[[ INPUT, beginning ]]
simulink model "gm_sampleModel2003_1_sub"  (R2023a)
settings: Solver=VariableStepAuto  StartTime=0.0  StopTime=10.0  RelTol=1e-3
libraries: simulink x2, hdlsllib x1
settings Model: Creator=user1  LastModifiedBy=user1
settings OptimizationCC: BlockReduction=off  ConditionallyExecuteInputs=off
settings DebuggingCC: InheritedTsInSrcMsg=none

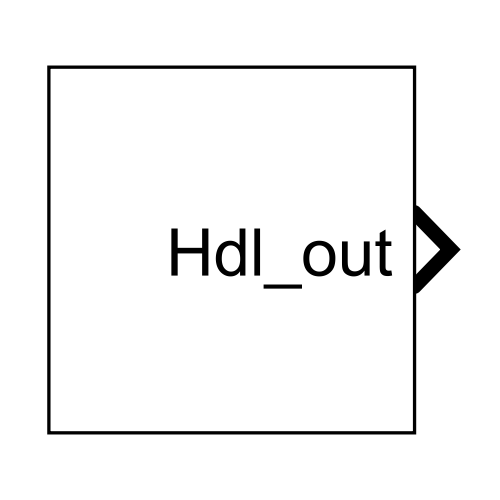
[thumbnail: Simulink's stored preview of the top-level diagram]
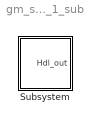
== system gm_sampleModel2003_1_sub ==
  Subsystem : Subsystem

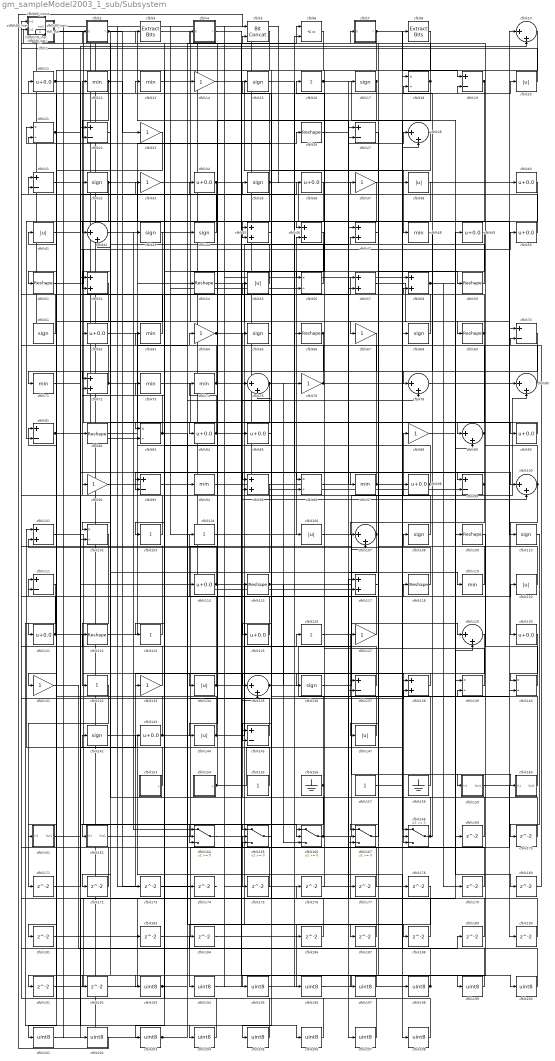
== system gm_sampleModel2003_1_sub/Subsystem ==
  cfblk1 : Subsystem  mask(Compare To Constant){relop=<=, const=double(3), OutDataTypeStr=uint8, ZeroCross=on}
      mask prompts: relop "Simulink:masks:Operator_MP"; const "Simulink:masks:ConstantValue_MP"; OutDataTypeStr "Simulink:masks:OutputDataType_MP"; ZeroCross "Simulink:masks:EnableZerocrossingDetection_MP"
      mask help: Simulink:masks:CompareToConstant_MD
      mask init:
      | OutDataTypeStr = 'uint8';
      | ZeroCross = 'on';
      | blkName = 'sampleModel2003_1_sub/Subsystem/cfblk1';
      | const = double(3);
      | const_str = '3.0';
      | const_val = double(3);
      | relop = '<=';
      | setValue = 'fixdt(0, 8)';
      | str = '<= 3';
      mask TypeOptions relop: == | ~= | < | <= | >= | >
      mask TypeOptions OutDataTypeStr: Simulink:masks:uint8 | Simulink:masks:boolean
      mask Callback ZeroCross: sl('zeroCrossEnable', gcbh);
      mask Display: disp(str)
  cfblk{10,28,42,75,78,80,89,100,107,129,135} (11 alike) : Sum  Inputs=|++  OutDataTypeStr=uint8
  cfblk{45..47,52,57..58,72,95,101,117,138} (11 alike) : Sum  OutDataTypeStr=uint8
  cfblk{18,21,56,83,96,102,139..140} (8 alike) : Product  Inputs=*/  OutDataTypeStr=uint8  RndMeth=Zero  SaturateOnIntegerOverflow=on
  cfblk{16,103..104,123,126,132} (6 alike) : Sum  Inputs=+  OutDataTypeStr=uint8
  cfblk{20,38,41,55,106,120,134,144,147} (9 alike) : Abs  OutDataTypeStr=uint8  SaturateOnIntegerOverflow=off
  cfblk{15,17,32,35,43..44,61,65,68,108,110,136,142} (13 alike) : Signum
  cfblk{26,51,54,59,66,69,82,109,115,118,122} (11 alike) : Reshape
  cfblk{11,34,36,40,49..50,62,84..85,90,98,114,121,125,130,143} (16 alike) : Bias  Bias=0.0  SaturateOnIntegerOverflow=off
  cfblk{19,22,27,31,70,81,93,99,111,137,145} (11 alike) : Sum  Inputs=+-  OutDataTypeStr=uint8
  cfblk113_inst : Subsystem
  cfblk116_inst : Subsystem
  cfblk{12..13,48,63,71,73..74,94,97,119} (10 alike) : MinMax  OutDataTypeStr=uint8
  cfblk124_inst : Subsystem
  cfblk{14,23,33,37,64,67,76,88,92,127,131,133} (12 alike) : Gain  OutDataTypeStr=uint8
  cfblk128_inst : Subsystem
  cfblk141_inst : Subsystem
  cfblk146_inst : Subsystem
  cfblk153 : Subsystem  mask(Counter Limited){uplimit=double(7), tsamp=double(-1)}
      mask prompts: uplimit "Simulink:masks:UpperLimit_MP"; tsamp "Simulink:masks:SampleTime_MP"
      mask help: Simulink:masks:CounterLimited_MD
      mask init:
      | nbits = double(8);
      | tsamp = double(-1);
      | uplimit = double(7);
  cfblk154 : Subsystem  mask(Counter Free-Running){NumBits=double(16), tsamp=double(-1)}
      mask prompts: NumBits "Simulink:masks:NumberOfBits_MP"; tsamp "Simulink:masks:SampleTime_MP"
      mask help: Simulink:masks:CounterFreeRunning_MD
  cfblk155 : Constant  OutDataTypeStr=uint8  SampleTime=-1
  cfblk156 : Ground
  cfblk157 : Constant  OutDataTypeStr=uint8  SampleTime=-1
  cfblk158 : Ground
  cfblk159 : Subsystem
  cfblk160 : Subsystem
  cfblk161 : Subsystem
  cfblk162 : Subsystem
  cfblk{164..168} (5 alike) : Switch  OutDataTypeStr=uint8  SaturateOnIntegerOverflow=off  InputSameDT=off
  cfblk{169..181,183..184,186..192} (22 alike) : Delay  SampleTime=1
  cfblk{193..208} (16 alike) : DataTypeConversion  OutDataTypeStr=uint8  SaturateOnIntegerOverflow=off  RndMeth=Floor
  cfblk2 : Subsystem  mask(Detect Rise Nonnegative){vinit=double(0), InputProcessing=Elements as channels (sample based), OutDataTypeStr=uint8}
      mask prompts: vinit "Simulink:masks:InitialCondition_MP"; InputProcessing "Simulink:masks:InputProcessing_MP"; OutDataTypeStr "Simulink:masks:OutputDataType_MP"
      mask help: Simulink:masks:DetectRiseNonnegative_MD
      mask init:
      | InputProcessing = 'Elements as channels (sample based)';
      | OutDataTypeStr = 'uint8';
      | vinit = double(0);
      mask TypeOptions InputProcessing: Simulink:masks:ColumnsAsChannelsFrameBased | Simulink:masks:ElementsAsChannelsSampleBased
      mask TypeOptions OutDataTypeStr: Simulink:masks:uint8 | Simulink:masks:boolean
      mask Display: fprintf('U >= 0\n&  NOT\nU/z >= 0')
  cfblk24_inst : Subsystem
  cfblk25_inst : Subsystem
  cfblk29_inst : Subsystem
  cfblk3 : simulink/Logic and Bit Operations/Extract Bits  bitsToExtract=Upper half  numBits=8  bitIdxRange=[0 7]  outScalingMode=Preserve fixed-point scaling
      settings: LibrarySourceBlock=|
      | hdlsllib/Logic and Bit
      | Operations/Extract Bits
  cfblk39_inst : Subsystem
  cfblk4 : Subsystem  mask(Detect Fall Nonpositive){vinit=double(0), InputProcessing=Elements as channels (sample based), OutDataTypeStr=uint8}
      mask prompts: vinit "Simulink:masks:InitialCondition_MP"; InputProcessing "Simulink:masks:InputProcessing_MP"; OutDataTypeStr "Simulink:masks:OutputDataType_MP"
      mask help: Simulink:masks:DetectFallNonpositive_MD
      mask init:
      | InputProcessing = 'Elements as channels (sample based)';
      | OutDataTypeStr = 'uint8';
      | vinit = double(0);
      mask TypeOptions InputProcessing: Simulink:masks:ColumnsAsChannelsFrameBased | Simulink:masks:ElementsAsChannelsSampleBased
      mask TypeOptions OutDataTypeStr: Simulink:masks:uint8 | Simulink:masks:boolean
      mask Display: fprintf('U <= 0\n&  NOT\nU/z <= 0')
  cfblk5 : hdlsllib/Logic and Bit Operations/Bit Concat  numInputs=2
  cfblk6 : RelationalOperator  Operator=<=  OutDataTypeStr=boolean  InputSameDT=off
  cfblk60_inst : Subsystem
  cfblk7 : Subsystem  mask(Detect Rise Positive){vinit=double(0), InputProcessing=Elements as channels (sample based), OutDataTypeStr=uint8}
      mask prompts: vinit "Simulink:masks:InitialCondition_MP"; InputProcessing "Simulink:masks:InputProcessing_MP"; OutDataTypeStr "Simulink:masks:OutputDataType_MP"
      mask help: Simulink:masks:DetectRisePositive_MD
      mask init:
      | InputProcessing = 'Elements as channels (sample based)';
      | OutDataTypeStr = 'uint8';
      | vinit = double(0);
      mask TypeOptions InputProcessing: Simulink:masks:ColumnsAsChannelsFrameBased | Simulink:masks:ElementsAsChannelsSampleBased
      mask TypeOptions OutDataTypeStr: Simulink:masks:uint8 | Simulink:masks:boolean
      mask Display: fprintf('U > 0\n&  NOT\nU/z > 0')
  cfblk79_inst : Subsystem
  cfblk8 : simulink/Logic and Bit Operations/Extract Bits  bitsToExtract=Upper half  numBits=8  bitIdxRange=[0 7]  outScalingMode=Preserve fixed-point scaling
      settings: LibrarySourceBlock=|
      | hdlsllib/Logic and Bit
      | Operations/Extract Bits
  cfblk86_inst : Subsystem
  cfblk9_inst : Subsystem
  Hdl_out : Outport  OutDataTypeStr=uint8  SampleTime=1
  wires:
  cfblk1/1(y) -> cfblk89/1, cfblk45/2
  cfblk10/1 -> cfblk75/2
  cfblk100/1 -> cfblk47/2, cfblk130/1, cfblk128_inst/2(in2)
  cfblk101/1 -> cfblk166/2
  cfblk102/1 -> cfblk132/1
  cfblk103/1 -> cfblk12/1
  cfblk104/1 -> cfblk46/2
  cfblk106/1 -> cfblk129/1
  cfblk107/1 -> cfblk25_inst/2(in2), cfblk172/1
  cfblk108/1 -> cfblk35/1
  cfblk109/1 -> cfblk191/1
  cfblk11/1 -> cfblk164/3, cfblk97/1
  cfblk110/1 -> cfblk170/1
  cfblk111/1 -> cfblk204/1
  cfblk113_inst/1(out1) -> cfblk40/1
  cfblk114/1 -> cfblk29_inst/2(in2), cfblk188/1
  cfblk115/1 -> cfblk80/2, cfblk166/3, cfblk159/1(In1)
  cfblk116_inst/1(out1) -> cfblk94/1
  cfblk117/1 -> cfblk7/1(U)
  cfblk118/1 -> cfblk101/2
  cfblk119/1 -> cfblk29_inst/1(in1)
  cfblk12/1 -> cfblk22/2, cfblk23/1
  cfblk120/1 -> cfblk92/1
  cfblk121/1 -> cfblk60_inst/1(in1), cfblk168/3
  cfblk122/1 -> cfblk26/1
  cfblk123/1 -> cfblk41/1
  cfblk124_inst/1(out1) -> cfblk178/1
  cfblk125/1 -> cfblk141_inst/1(in1)
  cfblk126/1 -> cfblk49/1
  cfblk127/1 -> cfblk104/1
  cfblk128_inst/1(out1) -> cfblk43/1
  cfblk129/1 -> cfblk173/1
  cfblk13/1 -> cfblk67/1
  cfblk130/1 -> cfblk140/1
  cfblk131/1 -> cfblk189/1
  cfblk132/1 -> cfblk171/1
  cfblk133/1 -> cfblk39_inst/2(in2)
  cfblk134/1 -> cfblk21/2, cfblk126/1
  cfblk135/1 -> cfblk107/2, cfblk76/1, cfblk139/2
  cfblk136/1 -> cfblk88/1
  cfblk137/1 -> cfblk146_inst/2(in2)
  cfblk138/1 -> cfblk136/1
  cfblk139/1 -> cfblk16/1
  cfblk14/1 -> cfblk48/1
  cfblk140/1 -> cfblk9_inst/1(in1)
  cfblk141_inst/1(out1) -> cfblk82/1
  cfblk142/1 -> cfblk208/1
  cfblk143/1 -> cfblk68/1, cfblk42/2
  cfblk144/1 -> cfblk31/1, cfblk27/1, cfblk122/1
  cfblk145/1 -> cfblk9_inst/2(in2)
  cfblk146_inst/1(out1) -> cfblk202/1
  cfblk147/1 -> cfblk127/1
  cfblk15/1 -> cfblk90/1
  cfblk153/1(y) -> cfblk142/1
  cfblk154/1(y) -> cfblk8/1, cfblk64/1
  cfblk155/1 -> cfblk101/1
  cfblk156/1 -> cfblk21/1, cfblk162/1(In1)
  cfblk157/1 -> cfblk28/2
  cfblk158/1 -> cfblk137/1
  cfblk159/1(Out1) -> cfblk190/1
  cfblk16/1 -> cfblk168/1, cfblk109/1
  cfblk160/1(Out1) -> cfblk32/1
  cfblk161/1(Out1) -> cfblk143/1
  cfblk162/1(Out1) -> cfblk138/2
  cfblk164/1 -> cfblk175/1
  cfblk165/1 -> cfblk195/1
  cfblk166/1 -> cfblk70/1, cfblk2/1(U)
  cfblk167/1 -> cfblk37/1
  cfblk168/1 -> cfblk65/1, cfblk108/1
  cfblk169/1 -> cfblk18/2
  cfblk17/1 -> cfblk84/1, cfblk135/1
  cfblk170/1 -> cfblk95/2
  cfblk171/1 -> cfblk10/2
  cfblk172/1 -> cfblk24_inst/2(in2)
  cfblk173/1 -> cfblk89/2
  cfblk174/1 -> cfblk1/1(u)
  cfblk175/1 -> cfblk39_inst/1(in1)
  cfblk176/1 -> cfblk96/2
  cfblk177/1 -> cfblk75/1
  cfblk178/1 -> cfblk194/1
  cfblk179/1 -> cfblk141_inst/2(in2)
  cfblk18/1 -> cfblk27/2, cfblk145/2, cfblk116_inst/1(in1)
  cfblk180/1 -> cfblk70/2
  cfblk181/1 -> cfblk117/1
  cfblk183/1 -> cfblk140/2
  cfblk184/1 -> cfblk196/1
  cfblk186/1 -> cfblk165/3
  cfblk187/1 -> cfblk81/1
  cfblk188/1 -> cfblk167/2
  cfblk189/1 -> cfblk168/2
[[ INPUT, end ]]
- [WHAT IS BEING ASKED]
Print exactly the lines above from the one with "cfblk124_inst/1(out1) -> cfblk178/1" to the one with "cfblk179/1 -> cfblk141_inst/2(in2)", including both.

- [EXERCISE SOLUTION]
  cfblk124_inst/1(out1) -> cfblk178/1
  cfblk125/1 -> cfblk141_inst/1(in1)
  cfblk126/1 -> cfblk49/1
  cfblk127/1 -> cfblk104/1
  cfblk128_inst/1(out1) -> cfblk43/1
  cfblk129/1 -> cfblk173/1
  cfblk13/1 -> cfblk67/1
  cfblk130/1 -> cfblk140/1
  cfblk131/1 -> cfblk189/1
  cfblk132/1 -> cfblk171/1
  cfblk133/1 -> cfblk39_inst/2(in2)
  cfblk134/1 -> cfblk21/2, cfblk126/1
  cfblk135/1 -> cfblk107/2, cfblk76/1, cfblk139/2
  cfblk136/1 -> cfblk88/1
  cfblk137/1 -> cfblk146_inst/2(in2)
  cfblk138/1 -> cfblk136/1
  cfblk139/1 -> cfblk16/1
  cfblk14/1 -> cfblk48/1
  cfblk140/1 -> cfblk9_inst/1(in1)
  cfblk141_inst/1(out1) -> cfblk82/1
  cfblk142/1 -> cfblk208/1
  cfblk143/1 -> cfblk68/1, cfblk42/2
  cfblk144/1 -> cfblk31/1, cfblk27/1, cfblk122/1
  cfblk145/1 -> cfblk9_inst/2(in2)
  cfblk146_inst/1(out1) -> cfblk202/1
  cfblk147/1 -> cfblk127/1
  cfblk15/1 -> cfblk90/1
  cfblk153/1(y) -> cfblk142/1
  cfblk154/1(y) -> cfblk8/1, cfblk64/1
  cfblk155/1 -> cfblk101/1
  cfblk156/1 -> cfblk21/1, cfblk162/1(In1)
  cfblk157/1 -> cfblk28/2
  cfblk158/1 -> cfblk137/1
  cfblk159/1(Out1) -> cfblk190/1
  cfblk16/1 -> cfblk168/1, cfblk109/1
  cfblk160/1(Out1) -> cfblk32/1
  cfblk161/1(Out1) -> cfblk143/1
  cfblk162/1(Out1) -> cfblk138/2
  cfblk164/1 -> cfblk175/1
  cfblk165/1 -> cfblk195/1
  cfblk166/1 -> cfblk70/1, cfblk2/1(U)
  cfblk167/1 -> cfblk37/1
  cfblk168/1 -> cfblk65/1, cfblk108/1
  cfblk169/1 -> cfblk18/2
  cfblk17/1 -> cfblk84/1, cfblk135/1
  cfblk170/1 -> cfblk95/2
  cfblk171/1 -> cfblk10/2
  cfblk172/1 -> cfblk24_inst/2(in2)
  cfblk173/1 -> cfblk89/2
  cfblk174/1 -> cfblk1/1(u)
  cfblk175/1 -> cfblk39_inst/1(in1)
  cfblk176/1 -> cfblk96/2
  cfblk177/1 -> cfblk75/1
  cfblk178/1 -> cfblk194/1
  cfblk179/1 -> cfblk141_inst/2(in2)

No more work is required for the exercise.